A plugin for https://llm.datasette.io/ cli tool that runs CoreML .mlpackage LLM models locally on macOS.

Point it at a model (and its corresponding HuggingFace tokenizer), then prompt it like any other llm model.

Requirements

  • macOS (CoreML is Apple-only)
  • Python 3.11–3.13 (coremltools does not yet ship native extensions for 3.14)

If llm was installed with Python 3.14, reinstall it targeting 3.13:

uv tool install llm --python 3.13 --reinstall

Installation

llm install llm-coreml

Or for development:

git clone https://github.com/anentropic/llm-coreml.git
cd llm-coreml
llm install -e .

Quick start

Register a model with a name and a path to the .mlpackage.

The --tokenizer argument is the HuggingFace model name to load the tokenizer from.

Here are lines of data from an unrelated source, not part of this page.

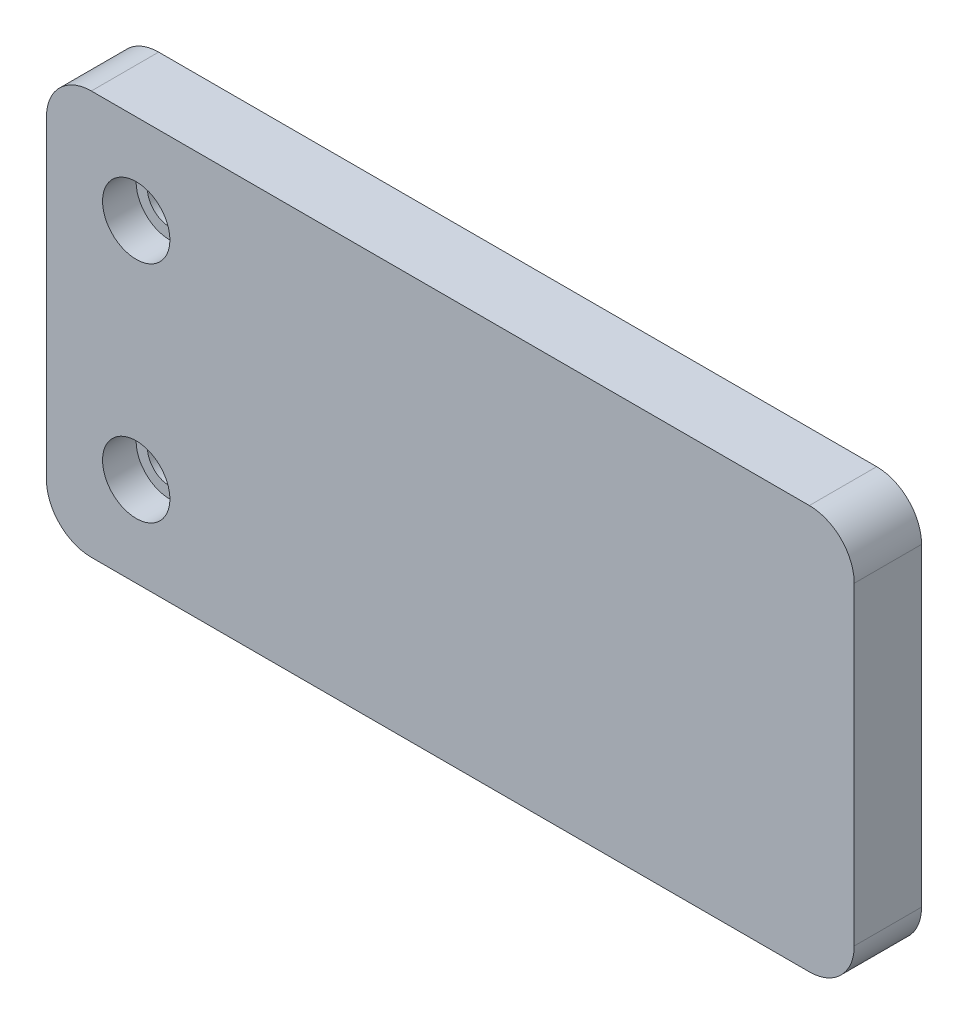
ISO-10303-21;
HEADER;
FILE_DESCRIPTION(('STEP AP214'),'2;1');
FILE_NAME('part.step','',(''),(''),'','','');
FILE_SCHEMA(('AUTOMOTIVE_DESIGN { 1 0 10303 214 1 1 1 1 }'));
ENDSEC;
DATA;
#1=APPLICATION_CONTEXT('core data for automotive mechanical design processes');
#2=APPLICATION_PROTOCOL_DEFINITION('international standard','automotive_design',2000,#1);
#3=PRODUCT_CONTEXT('',#1,'mechanical');
#4=PRODUCT('Part','Part','',(#3));
#5=PRODUCT_RELATED_PRODUCT_CATEGORY('part','',(#4));
#6=PRODUCT_DEFINITION_FORMATION('','',#4);
#7=PRODUCT_DEFINITION_CONTEXT('part definition',#1,'design');
#8=PRODUCT_DEFINITION('design','',#6,#7);
#9=PRODUCT_DEFINITION_SHAPE('','',#8);
#10=(LENGTH_UNIT() NAMED_UNIT(*) SI_UNIT(.MILLI.,.METRE.));
#11=(NAMED_UNIT(*) PLANE_ANGLE_UNIT() SI_UNIT($,.RADIAN.));
#12=(NAMED_UNIT(*) SI_UNIT($,.STERADIAN.) SOLID_ANGLE_UNIT());
#13=UNCERTAINTY_MEASURE_WITH_UNIT(LENGTH_MEASURE(1.E-05),#10,'distance_accuracy_value','');
#14=(GEOMETRIC_REPRESENTATION_CONTEXT(3) GLOBAL_UNCERTAINTY_ASSIGNED_CONTEXT((#13)) GLOBAL_UNIT_ASSIGNED_CONTEXT((#10,
#11,#12)) REPRESENTATION_CONTEXT('',''));
#15=CARTESIAN_POINT('',(0.,0.,0.));
#16=DIRECTION('',(0.,0.,1.));
#17=DIRECTION('',(1.,0.,0.));
#18=AXIS2_PLACEMENT_3D('',#15,#16,#17);
#19=CARTESIAN_POINT('',(0.,0.,9.525));
#20=DIRECTION('',(0.,0.,1.));
#21=DIRECTION('',(1.,0.,0.));
#22=AXIS2_PLACEMENT_3D('',#19,#20,#21);
#23=PLANE('',#22);
#24=CARTESIAN_POINT('',(12.7,44.45,9.525));
#25=DIRECTION('',(0.,0.,1.));
#26=DIRECTION('',(1.,0.,0.));
#27=AXIS2_PLACEMENT_3D('',#24,#25,#26);
#28=CIRCLE('',#27,4.7625);
#29=CARTESIAN_POINT('',(7.93749999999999,44.45,9.525));
#30=VERTEX_POINT('',#29);
#31=EDGE_CURVE('E138',#30,#30,#28,.F.);
#32=ORIENTED_EDGE('',*,*,#31,.T.);
#33=EDGE_LOOP('',(#32));
#34=FACE_BOUND('',#33,.T.);
#35=DIRECTION('',(0.,1.,0.));
#36=VECTOR('',#35,1.);
#37=CARTESIAN_POINT('',(114.3,0.,9.525));
#38=LINE('',#37,#36);
#39=CARTESIAN_POINT('',(114.3,6.35,9.525));
#40=VERTEX_POINT('',#39);
#41=CARTESIAN_POINT('',(114.3,50.8,9.525));
#42=VERTEX_POINT('',#41);
#43=EDGE_CURVE('E185',#40,#42,#38,.T.);
#44=ORIENTED_EDGE('',*,*,#43,.T.);
#45=CARTESIAN_POINT('',(107.95,50.8,9.525));
#46=DIRECTION('',(0.,0.,1.));
#47=DIRECTION('',(1.,0.,0.));
#48=AXIS2_PLACEMENT_3D('',#45,#46,#47);
#49=CIRCLE('',#48,6.35);
#50=CARTESIAN_POINT('',(107.95,57.15,9.525));
#51=VERTEX_POINT('',#50);
#52=EDGE_CURVE('E163',#42,#51,#49,.T.);
#53=ORIENTED_EDGE('',*,*,#52,.T.);
#54=DIRECTION('',(-1.,0.,0.));
#55=VECTOR('',#54,1.);
#56=CARTESIAN_POINT('',(114.3,57.15,9.525));
#57=LINE('',#56,#55);
#58=CARTESIAN_POINT('',(6.34999999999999,57.15,9.525));
#59=VERTEX_POINT('',#58);
#60=EDGE_CURVE('E119',#51,#59,#57,.T.);
#61=ORIENTED_EDGE('',*,*,#60,.T.);
#62=CARTESIAN_POINT('',(6.35,50.8,9.525));
#63=DIRECTION('',(0.,0.,1.));
#64=DIRECTION('',(1.,0.,0.));
#65=AXIS2_PLACEMENT_3D('',#62,#63,#64);
#66=CIRCLE('',#65,6.35);
#67=CARTESIAN_POINT('',(0.,50.8,9.525));
#68=VERTEX_POINT('',#67);
#69=EDGE_CURVE('E158',#59,#68,#66,.T.);
#70=ORIENTED_EDGE('',*,*,#69,.T.);
#71=DIRECTION('',(0.,-1.,0.));
#72=VECTOR('',#71,1.);
#73=CARTESIAN_POINT('',(0.,57.15,9.525));
#74=LINE('',#73,#72);
#75=CARTESIAN_POINT('',(0.,6.35,9.525));
#76=VERTEX_POINT('',#75);
#77=EDGE_CURVE('E126',#68,#76,#74,.T.);
#78=ORIENTED_EDGE('',*,*,#77,.T.);
#79=CARTESIAN_POINT('',(6.35,6.35,9.525));
#80=DIRECTION('',(0.,0.,1.));
#81=DIRECTION('',(1.,0.,0.));
#82=AXIS2_PLACEMENT_3D('',#79,#80,#81);
#83=CIRCLE('',#82,6.35);
#84=CARTESIAN_POINT('',(6.35,0.,9.525));
#85=VERTEX_POINT('',#84);
#86=EDGE_CURVE('E55',#76,#85,#83,.T.);
#87=ORIENTED_EDGE('',*,*,#86,.T.);
#88=DIRECTION('',(1.,0.,0.));
#89=VECTOR('',#88,1.);
#90=CARTESIAN_POINT('',(0.,0.,9.525));
#91=LINE('',#90,#89);
#92=CARTESIAN_POINT('',(107.95,0.,9.525));
#93=VERTEX_POINT('',#92);
#94=EDGE_CURVE('E129',#85,#93,#91,.T.);
#95=ORIENTED_EDGE('',*,*,#94,.T.);
#96=CARTESIAN_POINT('',(107.95,6.35,9.525));
#97=DIRECTION('',(0.,0.,1.));
#98=DIRECTION('',(1.,0.,0.));
#99=AXIS2_PLACEMENT_3D('',#96,#97,#98);
#100=CIRCLE('',#99,6.35);
#101=EDGE_CURVE('E161',#93,#40,#100,.T.);
#102=ORIENTED_EDGE('',*,*,#101,.T.);
#103=EDGE_LOOP('',(#44,#53,#61,#70,#78,#87,#95,#102));
#104=FACE_BOUND('',#103,.T.);
#105=CARTESIAN_POINT('',(12.7,12.7,9.525));
#106=DIRECTION('',(0.,0.,1.));
#107=DIRECTION('',(1.,0.,0.));
#108=AXIS2_PLACEMENT_3D('',#105,#106,#107);
#109=CIRCLE('',#108,4.7625);
#110=CARTESIAN_POINT('',(7.93749999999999,12.7,9.525));
#111=VERTEX_POINT('',#110);
#112=EDGE_CURVE('E146',#111,#111,#109,.F.);
#113=ORIENTED_EDGE('',*,*,#112,.T.);
#114=EDGE_LOOP('',(#113));
#115=FACE_BOUND('',#114,.T.);
#116=ADVANCED_FACE('F33',(#34,#104,#115),#23,.T.);
#117=CARTESIAN_POINT('',(12.7,12.7,9.525));
#118=DIRECTION('',(0.,0.,-1.));
#119=DIRECTION('',(-1.,0.,0.));
#120=AXIS2_PLACEMENT_3D('',#117,#118,#119);
#121=CYLINDRICAL_SURFACE('',#120,3.175);
#122=CARTESIAN_POINT('',(12.7,12.7,0.));
#123=DIRECTION('',(0.,0.,1.));
#124=DIRECTION('',(1.,0.,0.));
#125=AXIS2_PLACEMENT_3D('',#122,#123,#124);
#126=CIRCLE('',#125,3.175);
#127=CARTESIAN_POINT('',(9.52499999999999,12.7,0.));
#128=VERTEX_POINT('',#127);
#129=EDGE_CURVE('E179',#128,#128,#126,.T.);
#130=CARTESIAN_POINT('',(12.7,12.7,4.7752));
#131=DIRECTION('',(0.,0.,1.));
#132=DIRECTION('',(1.,0.,0.));
#133=AXIS2_PLACEMENT_3D('',#130,#131,#132);
#134=CIRCLE('',#133,3.175);
#135=CARTESIAN_POINT('',(9.52499999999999,12.7,4.7752));
#136=VERTEX_POINT('',#135);
#137=EDGE_CURVE('E143',#136,#136,#134,.T.);
#138=CARTESIAN_POINT('',(9.52499999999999,12.7,0.));
#139=CARTESIAN_POINT('',(9.52499999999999,12.7,0.0497416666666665));
#140=CARTESIAN_POINT('',(9.52499999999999,12.7,0.0994833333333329));
#141=CARTESIAN_POINT('',(9.52499999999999,12.7,0.198966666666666));
#142=CARTESIAN_POINT('',(9.52499999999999,12.7,0.248708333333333));
#143=CARTESIAN_POINT('',(9.52499999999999,12.7,0.348191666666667));
#144=CARTESIAN_POINT('',(9.52499999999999,12.7,0.397933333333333));
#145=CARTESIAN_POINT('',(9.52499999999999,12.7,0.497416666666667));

This should match the HF model your .mlpackage was derived from:

llm coreml add my-llama /path/to/llama.mlpackage \
    --tokenizer meta-llama/Llama-3.2-1B-Instruct

Prompt it:

llm -m coreml/my-llama "Explain quantum computing in one sentence"

Check it shows up in llm models:

llm models | grep coreml

Usage

Prompting

# Basic prompt
llm -m coreml/my-llama "What is Rust?"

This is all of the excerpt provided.